“Rescue Delta. Do we have eyes on our DM?”
Negative, Rescue. Downed mech is not visible. Tracking is enabled.
“Copy, HQ. Transfer signal now.” Simeon went radio silent while they waited. Once the indicator light shone on the dark tracking screen, he spoke again. “Tracking received. En route.”
Stevens turned the massive armored vehicle toward the location of the latest downed pilot. Aiden looked over the signature readout. “Hey, this is Clover. He tends to hide in the tree lines. If he’s not visible by air, he might have ended up in there.”
Stevens focused on the dirt track they were using for a road, but asked, “He’s a light, right?”
“Yeah.” Aiden directed the Rescue and Recovery team toward the bright green dot filling his screen. It was the emergency beacon that came on when a mech was no longer mobile.

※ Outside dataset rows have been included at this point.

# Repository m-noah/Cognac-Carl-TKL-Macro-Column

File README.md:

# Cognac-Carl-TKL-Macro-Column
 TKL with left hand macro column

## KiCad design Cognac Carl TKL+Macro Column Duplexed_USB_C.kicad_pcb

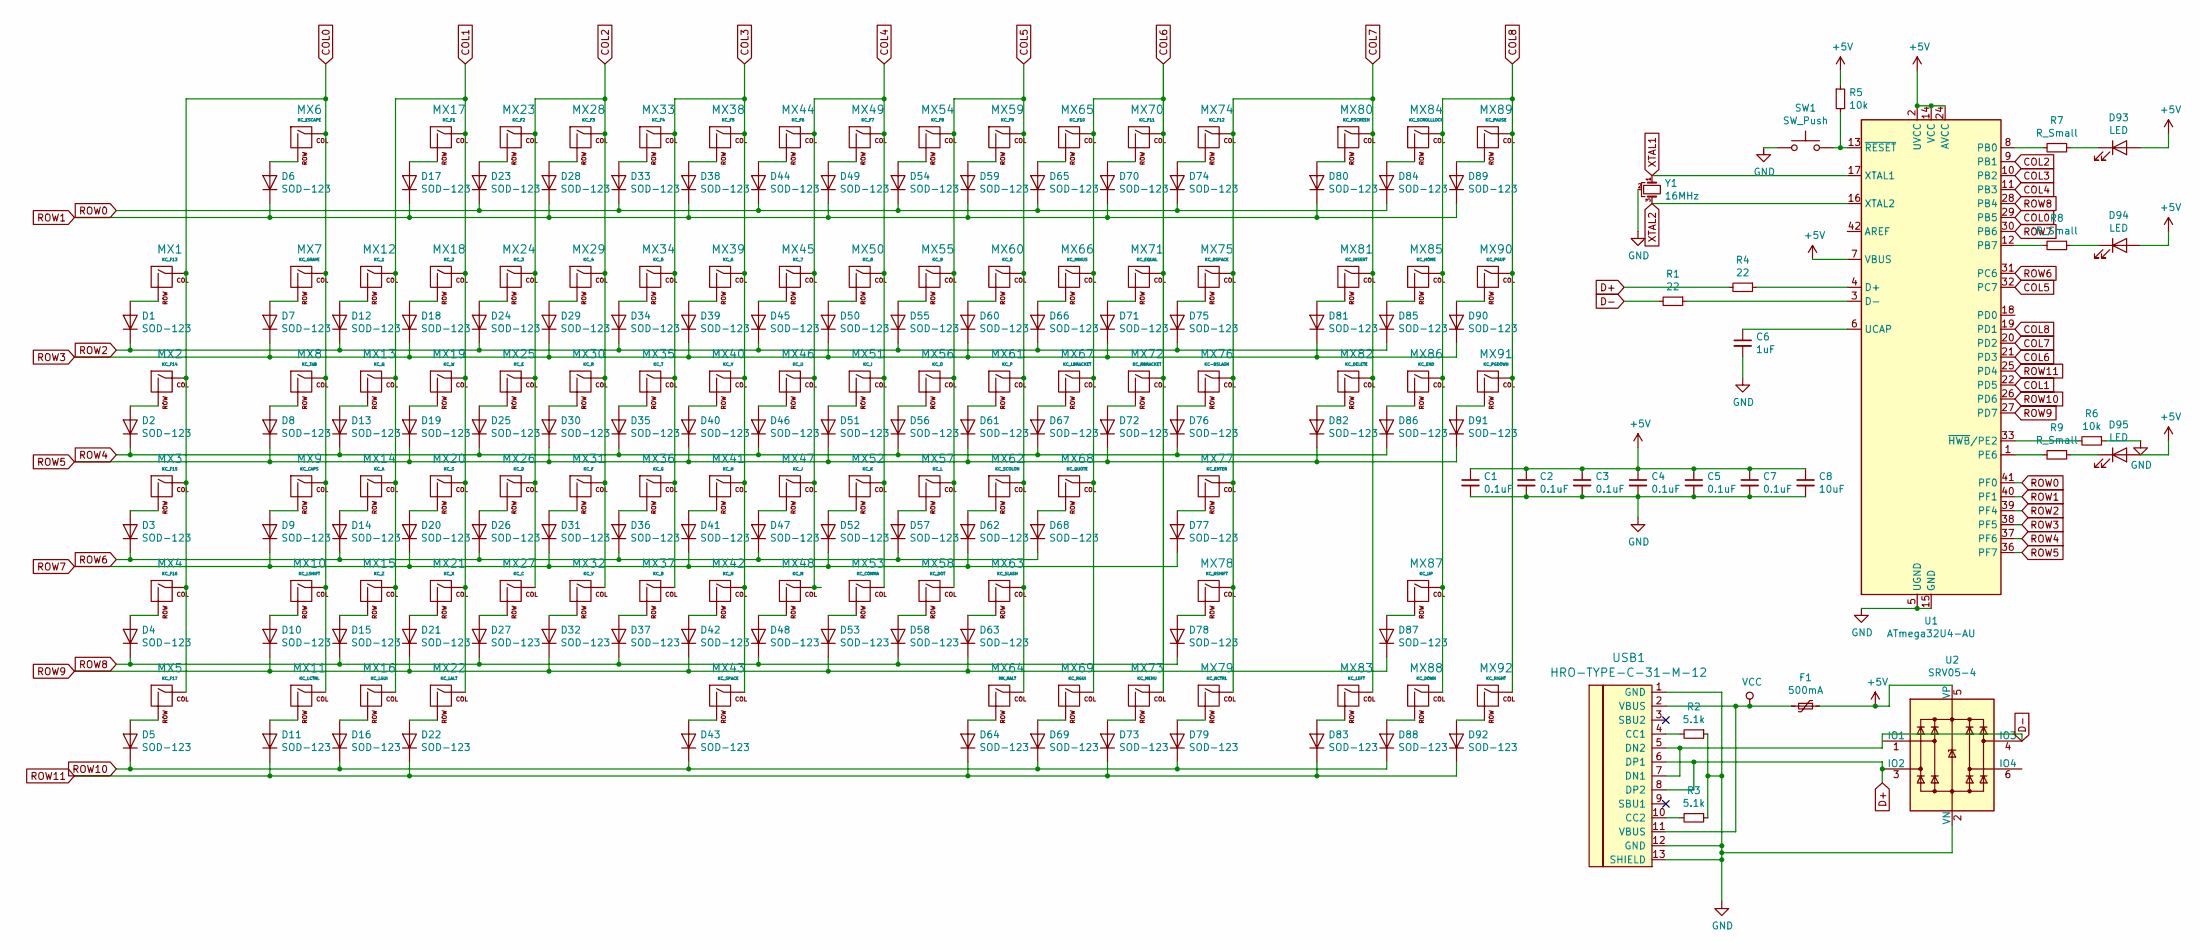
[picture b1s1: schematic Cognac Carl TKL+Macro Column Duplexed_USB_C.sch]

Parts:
C1, C2, C3, C4, C5, C7: 0.1uF; C_0805_2012Metric
C6: 1uF; C_0805_2012Metric
C8: 10uF; C_0805_2012Metric
D1, D2, D3, D4, D5, D6, D7, D8, D9, D10, D11, D12, D13, D14, D15, D16, D17, D18, D19, D20, D21, D22, D23, D24, D25, D26, D27, D28, D29, D30, D31, D32, D33, D34, D35, D36, D37, D38, D39, D40, D41, D42, D43, D44, D45, D46, D47, D48, D49, D50, D51, D52, D53, D54, D55, D56, D57, D58, D59, D60, D61, D62, D63, D64, D65, D66, D67, D68, D69, D70, D71, D72, D73, D74, D75, D76, D77, D78, D79, D80, D81, D82, D83, D84, D85, D86, D87, D88, D89, D90, D91, D92: SOD-123; D_SOD-123
D93, D94, D95: LED; LED_0805_2012Metric
F1: 500mA; Fuse_1206_3216Metric
MX1: KC_F13; MXOnly-1U-NoLED
MX2: KC_F14; MXOnly-1U-NoLED
MX3: KC_F15; MXOnly-1U-NoLED
MX4: KC_F16; MXOnly-1U-NoLED
MX5: KC_F17; MXOnly-1U-NoLED
MX6: KC_ESCAPE; MXOnly-1U-NoLED
MX7: KC_GRAVE; MXOnly-1U-NoLED
MX8: KC_TAB; MXOnly-1.5U-NoLED
MX9: KC_CAPS; MXOnly-1.75U-NoLED
MX10: KC_LSHIFT; MXOnly-2.25U-NoLED
MX11: KC_LCTRL; MXOnly-1.25U-NoLED
MX12: KC_1; MXOnly-1U-NoLED
MX13: KC_Q; MXOnly-1U-NoLED
MX14: KC_A; MXOnly-1U-NoLED
MX15: KC_Z; MXOnly-1U-NoLED
MX16: KC_LGUI; MXOnly-1.25U-NoLED
MX17: KC_F1; MXOnly-1U-NoLED
MX18: KC_2; MXOnly-1U-NoLED
MX19: KC_W; MXOnly-1U-NoLED
MX20: KC_S; MXOnly-1U-NoLED
MX21: KC_X; MXOnly-1U-NoLED
MX22: KC_LALT; MXOnly-1.25U-NoLED
MX23: KC_F2; MXOnly-1U-NoLED
MX24: KC_3; MXOnly-1U-NoLED
MX25: KC_E; MXOnly-1U-NoLED
MX26: KC_D; MXOnly-1U-NoLED
MX27: KC_C; MXOnly-1U-NoLED
MX28: KC_F3; MXOnly-1U-NoLED
MX29: KC_4; MXOnly-1U-NoLED
MX30: KC_R; MXOnly-1U-NoLED
MX31: KC_F; MXOnly-1U-NoLED
MX32: KC_V; MXOnly-1U-NoLED
MX33: KC_F4; MXOnly-1U-NoLED
MX34: KC_5; MXOnly-1U-NoLED
MX35: KC_T; MXOnly-1U-NoLED
MX36: KC_G; MXOnly-1U-NoLED
MX37: KC_B; MXOnly-1U-NoLED
MX38: KC_F5; MXOnly-1U-NoLED
MX39: KC_6; MXOnly-1U-NoLED
MX40: KC_Y; MXOnly-1U-NoLED
MX41: KC_H; MXOnly-1U-NoLED
MX42: KC_N; MXOnly-1U-NoLED
MX43: KC_SPACE; MXOnly-6.25U-ReversedStabilizers-NoLED
MX44: KC_F6; MXOnly-1U-NoLED
MX45: KC_7; MXOnly-1U-NoLED
MX46: KC_U; MXOnly-1U-NoLED
MX47: KC_J; MXOnly-1U-NoLED
MX48: KC_M; MXOnly-1U-NoLED
MX49: KC_F7; MXOnly-1U-NoLED
MX50: KC_8; MXOnly-1U-NoLED
MX51: KC_I; MXOnly-1U-NoLED
MX52: KC_K; MXOnly-1U-NoLED
MX53: KC_COMMA; MXOnly-1U-NoLED
MX54: KC_F8; MXOnly-1U-NoLED
MX55: KC_9; MXOnly-1U-NoLED
MX56: KC_O; MXOnly-1U-NoLED
MX57: KC_L; MXOnly-1U-NoLED
MX58: KC_DOT; MXOnly-1U-NoLED
MX59: KC_F9; MXOnly-1U-NoLED
MX60: KC_0; MXOnly-1U-NoLED
MX61: KC_P; MXOnly-1U-NoLED
MX62: KC_SCOLON; MXOnly-1U-NoLED
MX63: KC_SLASH; MXOnly-1U-NoLED
MX64: MX_RALT; MXOnly-1.25U-NoLED
MX65: KC_F10; MXOnly-1U-NoLED
MX66: KC_MINUS; MXOnly-1U-NoLED
MX67: KC_LBRACKET; MXOnly-1U-NoLED
MX68: KC_QUOTE; MXOnly-1U-NoLED
MX69: KC_RGUI; MXOnly-1.25U-NoLED
MX70: KC_F11; MXOnly-1U-NoLED
MX71: KC_EQUAL; MXOnly-1U-NoLED
MX72: KC_RBRACKET; MXOnly-1U-NoLED
MX73: KC_MENU; MXOnly-1.25U-NoLED
MX74: KC_F12; MXOnly-1U-NoLED
MX75: KC_BSPACE; MXOnly-2U-NoLED
MX76: KC-BSLASH; MXOnly-1.5U-NoLED
MX77: KC_ENTER; MXOnly-2.25U-ReversedStabilizers-NoLED
MX78: KC_RSHIFT; MXOnly-2.75U-NoLED
MX79: KC_RCTRL; MXOnly-1.25U-NoLED
MX80: KC_PSCREEN; MXOnly-1U-NoLED
MX81: KC_INSERT; MXOnly-1U-NoLED
MX82: KC_DELETE; MXOnly-1U-NoLED
MX83: KC_LEFT; MXOnly-1U-NoLED
MX84: KC_SCROLLLOCK; MXOnly-1U-NoLED
MX85: KC_HOME; MXOnly-1U-NoLED
MX86: KC_END; MXOnly-1U-NoLED
MX87: KC_UP; MXOnly-1U-NoLED
MX88: KC_DOWN; MXOnly-1U-NoLED
MX89: KC_PAUSE; MXOnly-1U-NoLED
MX90: KC_PGUP; MXOnly-1U-NoLED
MX91: KC_PGDOWN; MXOnly-1U-NoLED
MX92: KC_RIGHT; MXOnly-1U-NoLED
R1, R4: 22; R_0805_2012Metric
R2, R3: 5.1k; R_0805_2012Metric
R5, R6: 10k; R_0805_2012Metric
R7, R8, R9: R_Small; R_0805_2012Metric
SW1: SW_Push; SKQG-1155865
U1: ATmega32U4-AU; TQFP-44_10x10mm_P0.8mm
U2: SRV05-4; SOT-23-6
USB1: HRO-TYPE-C-31-M-12
Y1: 16MHz; Resonator_SMD_muRata_CSTxExxV-3Pin_3.0x1.1mm

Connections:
+5V: C1.1, C2.1, C3.1, C4.1, C5.1, C7.1, C8.1, D93.2 (A), D94.2 (A), D95.2 (A), F1.1, R5.1, U1.2 (UVCC), U1.7 (VBUS), U1.14 (VCC), U1.24 (AVCC), U1.34 (VCC), U1.44 (AVCC), U2.5 (VP)
COL0: MX1.1 (COL), MX2.1 (COL), MX3.1 (COL), MX4.1 (COL), MX5.1 (COL), MX6.1 (COL), MX7.1 (COL), MX8.1 (COL), MX9.1 (COL), MX10.1 (COL), MX11.1 (COL), U1.29 (PB5)
COL1: MX12.1 (COL), MX13.1 (COL), MX14.1 (COL), MX15.1 (COL), MX16.1 (COL), MX17.1 (COL), MX18.1 (COL), MX19.1 (COL), MX20.1 (COL), MX21.1 (COL), MX22.1 (COL), U1.22 (PD5)
COL2: MX23.1 (COL), MX24.1 (COL), MX25.1 (COL), MX26.1 (COL), MX27.1 (COL), MX28.1 (COL), MX29.1 (COL), MX30.1 (COL), MX31.1 (COL), MX32.1 (COL), U1.9 (PB1)
COL3: MX33.1 (COL), MX34.1 (COL), MX35.1 (COL), MX36.1 (COL), MX37.1 (COL), MX38.1 (COL), MX39.1 (COL), MX40.1 (COL), MX41.1 (COL), MX42.1 (COL), MX43.1 (COL), U1.10 (PB2)
COL4: MX44.1 (COL), MX45.1 (COL), MX46.1 (COL), MX47.1 (COL), MX48.1 (COL), MX49.1 (COL), MX50.1 (COL), MX51.1 (COL), MX52.1 (COL), MX53.1 (COL), U1.11 (PB3)
COL5: MX54.1 (COL), MX55.1 (COL), MX56.1 (COL), MX57.1 (COL), MX58.1 (COL), MX59.1 (COL), MX60.1 (COL), MX61.1 (COL), MX62.1 (COL), MX63.1 (COL), MX64.1 (COL), U1.32 (PC7)
COL6: MX65.1 (COL), MX66.1 (COL), MX67.1 (COL), MX68.1 (COL), MX69.1 (COL), MX70.1 (COL), MX71.1 (COL), MX72.1 (COL), MX73.1 (COL), U1.21 (PD3)
COL7: MX74.1 (COL), MX75.1 (COL), MX76.1 (COL), MX77.1 (COL), MX78.1 (COL), MX79.1 (COL), MX80.1 (COL), MX81.1 (COL), MX82.1 (COL), MX83.1 (COL), U1.20 (PD2)
COL8: MX84.1 (COL), MX85.1 (COL), MX86.1 (COL), MX87.1 (COL), MX88.1 (COL), MX89.1 (COL), MX90.1 (COL), MX91.1 (COL), MX92.1 (COL), U1.19 (PD1)
D+: R4.2, U2.3 (IO2), USB1.6 (DP1), USB1.8 (DP2)
D-: R1.2, U2.4 (IO3), USB1.5 (DN2), USB1.7 (DN1)
GND: C1.2, C2.2, C3.2, C4.2, C5.2, C6.2, C7.2, C8.2, R2.1, R3.1, R6.1, SW1.1, U1.5 (UGND), U1.15 (GND), U1.23 (GND), U1.35 (GND), U1.43 (GND), U2.2 (VN), USB1.1 (GND), USB1.12 (GND), USB1.13 (SHIELD), Y1.2
unnamed: C6.1, U1.6 (UCAP)
unnamed: D1.2 (A), MX1.2 (ROW)
unnamed: D2.2 (A), MX2.2 (ROW)
unnamed: D3.2 (A), MX3.2 (ROW)
unnamed: D4.2 (A), MX4.2 (ROW)
unnamed: D5.2 (A), MX5.2 (ROW)
unnamed: D6.2 (A), MX6.2 (ROW)
unnamed: D7.2 (A), MX7.2 (ROW)
unnamed: D8.2 (A), MX8.2 (ROW)
unnamed: D9.2 (A), MX9.2 (ROW)
unnamed: D10.2 (A), MX10.2 (ROW)
unnamed: D11.2 (A), MX11.2 (ROW)
unnamed: D12.2 (A), MX12.2 (ROW)
unnamed: D13.2 (A), MX13.2 (ROW)
unnamed: D14.2 (A), MX14.2 (ROW)
unnamed: D15.2 (A), MX15.2 (ROW)
unnamed: D16.2 (A), MX16.2 (ROW)
unnamed: D17.2 (A), MX17.2 (ROW)
unnamed: D18.2 (A), MX18.2 (ROW)
unnamed: D19.2 (A), MX19.2 (ROW)
unnamed: D20.2 (A), MX20.2 (ROW)
unnamed: D21.2 (A), MX21.2 (ROW)
unnamed: D22.2 (A), MX22.2 (ROW)
unnamed: D23.2 (A), MX23.2 (ROW)
unnamed: D24.2 (A), MX24.2 (ROW)
unnamed: D25.2 (A), MX25.2 (ROW)
unnamed: D26.2 (A), MX26.2 (ROW)
unnamed: D27.2 (A), MX27.2 (ROW)
unnamed: D28.2 (A), MX28.2 (ROW)
unnamed: D29.2 (A), MX29.2 (ROW)
unnamed: D30.2 (A), MX30.2 (ROW)
unnamed: D31.2 (A), MX31.2 (ROW)
unnamed: D32.2 (A), MX32.2 (ROW)
unnamed: D33.2 (A), MX33.2 (ROW)
unnamed: D34.2 (A), MX34.2 (ROW)
unnamed: D35.2 (A), MX35.2 (ROW)
unnamed: D36.2 (A), MX36.2 (ROW)
unnamed: D37.2 (A), MX37.2 (ROW)
unnamed: D38.2 (A), MX38.2 (ROW)
unnamed: D39.2 (A), MX39.2 (ROW)
unnamed: D40.2 (A), MX40.2 (ROW)
unnamed: D41.2 (A), MX41.2 (ROW)
unnamed: D42.2 (A), MX42.2 (ROW)
unnamed: D43.2 (A), MX43.2 (ROW)
unnamed: D44.2 (A), MX44.2 (ROW)
unnamed: D45.2 (A), MX45.2 (ROW)
unnamed: D46.2 (A), MX46.2 (ROW)
unnamed: D47.2 (A), MX47.2 (ROW)
unnamed: D48.2 (A), MX48.2 (ROW)
unnamed: D49.2 (A), MX49.2 (ROW)
unnamed: D50.2 (A), MX50.2 (ROW)
unnamed: D51.2 (A), MX51.2 (ROW)
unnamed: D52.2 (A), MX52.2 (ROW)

The low slung, squat forest of trees wasn’t easy to navigate in the big machine, and they took a more than a few of the drooping tree branches with them as they went.
Stevens stopped the vehicle. Aiden sighed and busied himself unstrapping and getting his gear, throwing on his combat helmet embedded with a heads up display tuned to the downed mech.
“Rescue Delta has no visual. DM appears to be behind the tree line. We’re going to dismount.”
Roger, Rescue. Dismount procedures activated.
Meaning that now the friendlies would have them on their heads up displays as individuals. Aiden stepped down from the large passenger cab, and joined Hawking and Dix on the ground. The driver never dismounted. Procedure dictated that the only way to remove a driver from a rescue AT was to blow him out of it, which wasn’t easy to do.
While Hawking moved with the easy grace of an old soldier, Dix was fresh out of training, and nervous, if his rechecking of his gun was anything to go by. They approached the thick, dripping foliage of the trees. Big trunks covered in peaty moss blocked out most of the light within the actual wood. Hawking’s deep, scratchy voice broadcast through the helmets.
“Drone activity detected. At least one. Signal’s not coming through well.”
Aiden sighed again. “All right. One slow sweep farther back into the trees, until we reach the mech.”
Aiden took the westerly position, while Hawking watched their right flank with Dix in the center, and they started a slow, careful search of the trees. As they moved deeper in, the light became dimmer, blocked by the heavy boughs above. The forest floor was bare of anything but fallen branches and moss, making it slippery in places and obstructed in others. Twice, he had to sidestep a fallen branch or trunk.
Hawking said, suddenly, “Clover has a green mech, correct?”
“Yes, he does.”
“Going to heat scan,” the other man said, dropping his visor. “Got him.” They didn’t speed up, but rather continued their cautious pace to the mech. “The mech is crashed.”
“Shit. Any sign of Clover?”
The men converged on each other and the completely smoked mech where it leaned against one of the larger trees. “Cockpit’s intact. Looks like eject was engaged.”
“In here?” Dix said, quietly looking around at all the trees. “That’s insane.”
Aiden looked around the smoking hulk. “It’s possible it auto-engaged.”
He peered into the tree tops as far as he could. “Stevens, check the trees.”
“You don’t think…?”
“We’ll see. Dix, keep sharp. There could be stragglers.”
Aiden watched as Dix took up a sentry position and began a scan for drones, then he began looking the mech over for some indicator of what had taken place. They each took their task, and, within moments, Hawking shouted, “Got him!”